For our purposes, we will define digital as a confluence of existing and emerging digital technologies which have a transformative impact on how a company designs, manufactures, distributes, and markets its products; how it engages with its customers; and how it manages its people.
Digital has become so prominent in business today due to the convergence of a number of distinct but related advances in digital technology and the sharp decline in their cost. These advances include the spread of high-speed internet; the penetration of cheap smartphones; the falling cost of sensors; the widespread use of digital and social media; access to cloud computing; and dramatic leaps in artificial intelligence and machine learning.
So how should business leaders think about digital?
From our experience working with companies across industries on the digital agenda, we have identified three aspects of how leaders think about digital that is holding them back.
Digital should be at the core, not the periphery
The first misconception about digital is that it is something occurring at the periphery of your business, leaving your strategy and business model largely untouched at the core.
We often hear how “only x% of sales in my category go through online” or that “it will take some time before things really change”.
As a result, digital is not seen as an overarching strategic priority.
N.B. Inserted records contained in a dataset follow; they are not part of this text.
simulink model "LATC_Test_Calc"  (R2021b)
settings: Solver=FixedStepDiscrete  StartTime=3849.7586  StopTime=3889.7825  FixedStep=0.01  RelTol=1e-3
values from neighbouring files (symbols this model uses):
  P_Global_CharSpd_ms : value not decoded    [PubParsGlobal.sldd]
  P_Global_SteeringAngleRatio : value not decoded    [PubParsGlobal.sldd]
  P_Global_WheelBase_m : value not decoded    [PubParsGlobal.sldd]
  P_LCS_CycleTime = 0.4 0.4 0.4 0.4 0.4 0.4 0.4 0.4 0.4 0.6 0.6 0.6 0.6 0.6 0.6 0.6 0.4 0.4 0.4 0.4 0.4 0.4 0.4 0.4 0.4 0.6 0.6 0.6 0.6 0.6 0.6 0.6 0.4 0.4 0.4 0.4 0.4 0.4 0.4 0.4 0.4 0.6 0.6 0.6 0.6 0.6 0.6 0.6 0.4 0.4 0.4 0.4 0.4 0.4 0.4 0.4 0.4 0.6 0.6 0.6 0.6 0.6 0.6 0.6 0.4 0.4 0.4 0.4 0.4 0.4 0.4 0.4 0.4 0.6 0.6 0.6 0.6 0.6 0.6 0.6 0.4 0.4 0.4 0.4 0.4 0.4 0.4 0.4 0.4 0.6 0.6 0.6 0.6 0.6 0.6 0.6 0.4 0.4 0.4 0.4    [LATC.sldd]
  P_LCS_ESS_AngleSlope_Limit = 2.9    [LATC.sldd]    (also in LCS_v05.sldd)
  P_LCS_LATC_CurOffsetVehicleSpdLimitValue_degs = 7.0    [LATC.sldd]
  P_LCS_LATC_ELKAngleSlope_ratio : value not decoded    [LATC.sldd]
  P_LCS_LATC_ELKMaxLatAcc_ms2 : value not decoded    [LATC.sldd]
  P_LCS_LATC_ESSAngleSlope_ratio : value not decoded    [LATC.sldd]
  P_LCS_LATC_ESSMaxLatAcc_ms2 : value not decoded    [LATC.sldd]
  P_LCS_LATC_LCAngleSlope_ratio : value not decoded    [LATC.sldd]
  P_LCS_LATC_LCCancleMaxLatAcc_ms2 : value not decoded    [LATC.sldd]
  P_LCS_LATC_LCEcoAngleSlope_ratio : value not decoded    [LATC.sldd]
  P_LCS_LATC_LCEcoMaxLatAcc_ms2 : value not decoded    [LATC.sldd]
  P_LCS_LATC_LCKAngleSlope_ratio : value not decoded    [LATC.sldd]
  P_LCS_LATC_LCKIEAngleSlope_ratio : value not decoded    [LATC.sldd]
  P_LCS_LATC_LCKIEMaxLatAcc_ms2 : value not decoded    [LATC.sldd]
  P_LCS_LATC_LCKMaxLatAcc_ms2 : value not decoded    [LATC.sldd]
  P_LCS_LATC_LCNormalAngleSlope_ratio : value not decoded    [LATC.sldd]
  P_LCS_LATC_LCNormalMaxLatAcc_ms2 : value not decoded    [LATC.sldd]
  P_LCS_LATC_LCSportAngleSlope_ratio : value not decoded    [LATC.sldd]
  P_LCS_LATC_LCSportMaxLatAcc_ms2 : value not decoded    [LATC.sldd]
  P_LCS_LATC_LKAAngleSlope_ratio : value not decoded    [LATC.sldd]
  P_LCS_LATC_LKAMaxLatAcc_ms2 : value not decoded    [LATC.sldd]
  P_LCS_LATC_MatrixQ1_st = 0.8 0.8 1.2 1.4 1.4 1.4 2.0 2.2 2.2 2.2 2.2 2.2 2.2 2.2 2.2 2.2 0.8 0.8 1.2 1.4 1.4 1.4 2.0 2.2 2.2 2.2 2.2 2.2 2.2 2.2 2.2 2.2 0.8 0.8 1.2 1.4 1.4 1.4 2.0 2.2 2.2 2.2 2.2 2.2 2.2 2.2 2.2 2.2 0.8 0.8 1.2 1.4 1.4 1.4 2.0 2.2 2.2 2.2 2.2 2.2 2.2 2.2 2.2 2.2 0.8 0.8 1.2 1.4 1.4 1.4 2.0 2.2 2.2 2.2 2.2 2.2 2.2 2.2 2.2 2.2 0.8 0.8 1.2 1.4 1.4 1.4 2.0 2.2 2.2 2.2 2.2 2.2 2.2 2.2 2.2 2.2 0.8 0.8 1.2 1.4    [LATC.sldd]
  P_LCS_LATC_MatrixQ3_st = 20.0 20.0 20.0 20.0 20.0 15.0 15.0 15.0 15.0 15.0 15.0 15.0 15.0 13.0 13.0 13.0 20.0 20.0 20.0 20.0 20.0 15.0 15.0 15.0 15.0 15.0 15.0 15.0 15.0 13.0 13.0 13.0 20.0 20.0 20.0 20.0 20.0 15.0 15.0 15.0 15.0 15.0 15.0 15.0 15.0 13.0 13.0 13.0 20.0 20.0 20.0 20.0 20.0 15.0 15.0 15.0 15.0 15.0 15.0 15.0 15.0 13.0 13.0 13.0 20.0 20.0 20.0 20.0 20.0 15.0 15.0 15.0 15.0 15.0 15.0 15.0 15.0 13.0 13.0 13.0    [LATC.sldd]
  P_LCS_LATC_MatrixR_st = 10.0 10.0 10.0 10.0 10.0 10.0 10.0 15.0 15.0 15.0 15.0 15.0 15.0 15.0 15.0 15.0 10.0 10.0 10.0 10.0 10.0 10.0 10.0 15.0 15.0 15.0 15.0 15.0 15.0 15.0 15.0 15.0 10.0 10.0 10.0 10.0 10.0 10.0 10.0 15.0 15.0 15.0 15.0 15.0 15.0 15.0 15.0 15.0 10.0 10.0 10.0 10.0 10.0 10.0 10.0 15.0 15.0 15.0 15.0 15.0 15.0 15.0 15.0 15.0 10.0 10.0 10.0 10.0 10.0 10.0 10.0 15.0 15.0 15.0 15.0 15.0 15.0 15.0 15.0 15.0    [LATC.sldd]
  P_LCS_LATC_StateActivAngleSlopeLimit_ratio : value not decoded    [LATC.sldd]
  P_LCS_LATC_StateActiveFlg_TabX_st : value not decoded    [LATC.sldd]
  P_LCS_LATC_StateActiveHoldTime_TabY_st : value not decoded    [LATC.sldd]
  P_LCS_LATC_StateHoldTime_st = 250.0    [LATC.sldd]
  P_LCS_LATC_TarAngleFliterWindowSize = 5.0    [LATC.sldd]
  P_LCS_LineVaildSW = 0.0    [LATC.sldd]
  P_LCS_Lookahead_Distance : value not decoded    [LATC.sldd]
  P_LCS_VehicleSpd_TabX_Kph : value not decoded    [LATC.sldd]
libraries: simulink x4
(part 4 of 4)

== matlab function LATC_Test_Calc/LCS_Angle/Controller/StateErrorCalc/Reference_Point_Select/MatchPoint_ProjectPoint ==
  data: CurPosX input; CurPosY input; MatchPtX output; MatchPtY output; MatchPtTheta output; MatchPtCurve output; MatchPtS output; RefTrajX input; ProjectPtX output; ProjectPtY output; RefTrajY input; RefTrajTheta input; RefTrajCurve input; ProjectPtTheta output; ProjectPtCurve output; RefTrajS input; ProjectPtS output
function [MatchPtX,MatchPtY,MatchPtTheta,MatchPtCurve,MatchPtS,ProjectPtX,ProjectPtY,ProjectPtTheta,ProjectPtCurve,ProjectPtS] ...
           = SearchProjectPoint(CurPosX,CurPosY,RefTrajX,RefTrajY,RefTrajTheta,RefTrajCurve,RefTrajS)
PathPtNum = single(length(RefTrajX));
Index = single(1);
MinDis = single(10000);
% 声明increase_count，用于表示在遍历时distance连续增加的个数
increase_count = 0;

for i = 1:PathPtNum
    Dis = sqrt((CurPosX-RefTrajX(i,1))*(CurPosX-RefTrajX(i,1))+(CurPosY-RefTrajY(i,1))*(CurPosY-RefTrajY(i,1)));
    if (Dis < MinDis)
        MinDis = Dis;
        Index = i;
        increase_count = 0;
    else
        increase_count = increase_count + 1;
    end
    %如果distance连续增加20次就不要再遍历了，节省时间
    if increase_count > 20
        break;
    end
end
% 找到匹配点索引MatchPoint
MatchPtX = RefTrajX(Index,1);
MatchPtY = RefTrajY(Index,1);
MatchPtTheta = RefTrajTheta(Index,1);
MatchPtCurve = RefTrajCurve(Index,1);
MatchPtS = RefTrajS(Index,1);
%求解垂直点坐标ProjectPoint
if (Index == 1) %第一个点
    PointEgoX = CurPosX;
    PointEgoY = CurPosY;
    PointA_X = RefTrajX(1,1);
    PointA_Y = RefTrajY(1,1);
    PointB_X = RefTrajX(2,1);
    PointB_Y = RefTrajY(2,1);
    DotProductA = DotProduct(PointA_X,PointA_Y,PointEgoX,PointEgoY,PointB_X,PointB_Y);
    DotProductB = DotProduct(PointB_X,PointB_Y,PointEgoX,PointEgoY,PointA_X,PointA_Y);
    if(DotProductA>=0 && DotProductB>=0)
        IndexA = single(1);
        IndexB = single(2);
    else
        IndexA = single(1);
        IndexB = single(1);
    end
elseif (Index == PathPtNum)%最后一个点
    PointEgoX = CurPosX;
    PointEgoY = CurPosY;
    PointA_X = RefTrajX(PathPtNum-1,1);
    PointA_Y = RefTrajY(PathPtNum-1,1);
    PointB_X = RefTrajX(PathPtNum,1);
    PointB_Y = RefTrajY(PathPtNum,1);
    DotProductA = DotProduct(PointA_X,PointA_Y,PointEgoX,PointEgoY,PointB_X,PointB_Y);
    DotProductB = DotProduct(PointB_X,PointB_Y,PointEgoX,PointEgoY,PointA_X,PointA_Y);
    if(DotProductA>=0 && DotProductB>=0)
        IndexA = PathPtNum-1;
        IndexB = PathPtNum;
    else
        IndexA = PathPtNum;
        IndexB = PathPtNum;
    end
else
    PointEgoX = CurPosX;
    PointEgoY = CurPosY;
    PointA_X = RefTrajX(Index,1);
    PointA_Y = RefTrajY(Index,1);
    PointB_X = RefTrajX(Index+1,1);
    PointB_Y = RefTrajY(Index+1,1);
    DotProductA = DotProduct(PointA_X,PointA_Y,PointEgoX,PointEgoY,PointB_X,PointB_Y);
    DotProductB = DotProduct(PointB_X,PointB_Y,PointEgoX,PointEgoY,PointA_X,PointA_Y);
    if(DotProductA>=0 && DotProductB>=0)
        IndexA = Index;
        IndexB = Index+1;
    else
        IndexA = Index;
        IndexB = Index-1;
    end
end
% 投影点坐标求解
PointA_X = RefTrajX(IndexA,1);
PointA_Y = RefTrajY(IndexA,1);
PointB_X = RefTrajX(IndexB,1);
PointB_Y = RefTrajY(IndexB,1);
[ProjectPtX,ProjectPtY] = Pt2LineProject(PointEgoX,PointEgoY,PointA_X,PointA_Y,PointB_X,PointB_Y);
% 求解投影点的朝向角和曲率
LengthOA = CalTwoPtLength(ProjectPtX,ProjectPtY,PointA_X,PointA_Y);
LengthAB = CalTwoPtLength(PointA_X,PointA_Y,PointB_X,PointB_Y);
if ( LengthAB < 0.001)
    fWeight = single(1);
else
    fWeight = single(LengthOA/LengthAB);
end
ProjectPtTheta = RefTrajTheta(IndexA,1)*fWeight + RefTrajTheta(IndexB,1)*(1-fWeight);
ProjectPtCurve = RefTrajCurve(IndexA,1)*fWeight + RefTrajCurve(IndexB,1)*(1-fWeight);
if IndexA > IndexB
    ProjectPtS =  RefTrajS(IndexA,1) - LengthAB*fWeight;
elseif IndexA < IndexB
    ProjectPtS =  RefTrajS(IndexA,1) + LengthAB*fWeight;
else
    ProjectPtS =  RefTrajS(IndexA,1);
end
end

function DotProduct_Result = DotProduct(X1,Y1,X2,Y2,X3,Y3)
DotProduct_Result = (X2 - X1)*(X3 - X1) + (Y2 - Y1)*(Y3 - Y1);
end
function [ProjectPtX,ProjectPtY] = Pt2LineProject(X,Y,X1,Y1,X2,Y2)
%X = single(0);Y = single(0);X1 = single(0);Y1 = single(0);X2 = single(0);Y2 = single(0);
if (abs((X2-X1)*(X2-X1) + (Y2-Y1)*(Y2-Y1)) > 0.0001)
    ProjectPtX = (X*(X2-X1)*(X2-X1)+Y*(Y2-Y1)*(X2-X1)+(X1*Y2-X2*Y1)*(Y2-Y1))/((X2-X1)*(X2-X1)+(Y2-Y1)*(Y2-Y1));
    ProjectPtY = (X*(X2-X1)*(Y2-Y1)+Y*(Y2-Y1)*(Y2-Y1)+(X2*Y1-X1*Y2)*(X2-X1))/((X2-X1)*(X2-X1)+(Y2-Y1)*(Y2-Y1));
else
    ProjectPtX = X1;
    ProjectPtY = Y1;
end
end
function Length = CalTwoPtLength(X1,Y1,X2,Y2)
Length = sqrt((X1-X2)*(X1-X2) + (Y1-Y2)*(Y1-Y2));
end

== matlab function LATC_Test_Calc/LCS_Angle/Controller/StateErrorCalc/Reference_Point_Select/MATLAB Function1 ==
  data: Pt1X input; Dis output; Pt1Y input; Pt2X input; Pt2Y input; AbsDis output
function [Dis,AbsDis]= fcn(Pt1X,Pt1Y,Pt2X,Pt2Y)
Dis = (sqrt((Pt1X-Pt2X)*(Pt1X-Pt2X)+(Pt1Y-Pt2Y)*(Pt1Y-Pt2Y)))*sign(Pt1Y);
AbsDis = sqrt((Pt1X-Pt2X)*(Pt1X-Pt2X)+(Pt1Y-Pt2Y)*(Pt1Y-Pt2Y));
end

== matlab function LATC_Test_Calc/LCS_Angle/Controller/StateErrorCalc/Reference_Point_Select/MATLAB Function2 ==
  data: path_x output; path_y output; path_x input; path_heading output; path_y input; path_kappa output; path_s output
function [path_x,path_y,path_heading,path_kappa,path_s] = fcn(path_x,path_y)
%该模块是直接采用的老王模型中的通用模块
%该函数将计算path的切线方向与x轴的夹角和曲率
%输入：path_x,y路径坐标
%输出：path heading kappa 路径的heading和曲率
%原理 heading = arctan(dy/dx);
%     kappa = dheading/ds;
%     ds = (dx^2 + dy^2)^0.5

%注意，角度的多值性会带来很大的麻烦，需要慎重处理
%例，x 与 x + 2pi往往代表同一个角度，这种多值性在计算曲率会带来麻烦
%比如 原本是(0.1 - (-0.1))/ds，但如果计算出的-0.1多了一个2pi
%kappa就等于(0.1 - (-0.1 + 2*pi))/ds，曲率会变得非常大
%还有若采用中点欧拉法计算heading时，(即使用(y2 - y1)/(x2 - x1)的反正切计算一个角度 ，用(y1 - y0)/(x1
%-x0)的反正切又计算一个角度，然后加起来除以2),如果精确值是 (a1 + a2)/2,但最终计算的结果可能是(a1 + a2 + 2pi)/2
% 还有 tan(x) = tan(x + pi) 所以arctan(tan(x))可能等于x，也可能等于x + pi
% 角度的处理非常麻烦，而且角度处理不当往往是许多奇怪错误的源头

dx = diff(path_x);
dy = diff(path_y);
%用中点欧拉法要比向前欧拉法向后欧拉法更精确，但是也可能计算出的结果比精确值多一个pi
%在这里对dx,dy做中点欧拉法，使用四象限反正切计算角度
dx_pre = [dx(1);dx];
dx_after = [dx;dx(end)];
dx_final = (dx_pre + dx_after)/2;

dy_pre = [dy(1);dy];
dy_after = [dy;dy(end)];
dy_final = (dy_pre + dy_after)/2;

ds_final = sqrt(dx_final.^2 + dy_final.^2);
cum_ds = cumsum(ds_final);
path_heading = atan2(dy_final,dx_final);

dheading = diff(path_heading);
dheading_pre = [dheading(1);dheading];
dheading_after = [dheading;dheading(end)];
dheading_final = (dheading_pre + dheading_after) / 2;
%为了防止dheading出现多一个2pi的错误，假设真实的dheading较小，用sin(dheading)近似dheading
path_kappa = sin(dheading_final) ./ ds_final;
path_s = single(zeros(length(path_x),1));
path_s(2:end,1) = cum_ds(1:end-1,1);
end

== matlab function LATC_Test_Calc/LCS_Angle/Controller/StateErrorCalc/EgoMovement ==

Instead, it is seen as something that can be put off until later, with responsibility often delegated to lower levels of the organisation or just to the IT department.
By treating digital as peripheral rather than something that strikes at the core, businesses fail to grasp the wholesale and fundamental change it is bringing about. Digital is nothing less than a revolution in the twenty-first century and its impact will be as dramatic as mechanisation, mass production and computerisation were in previous eras.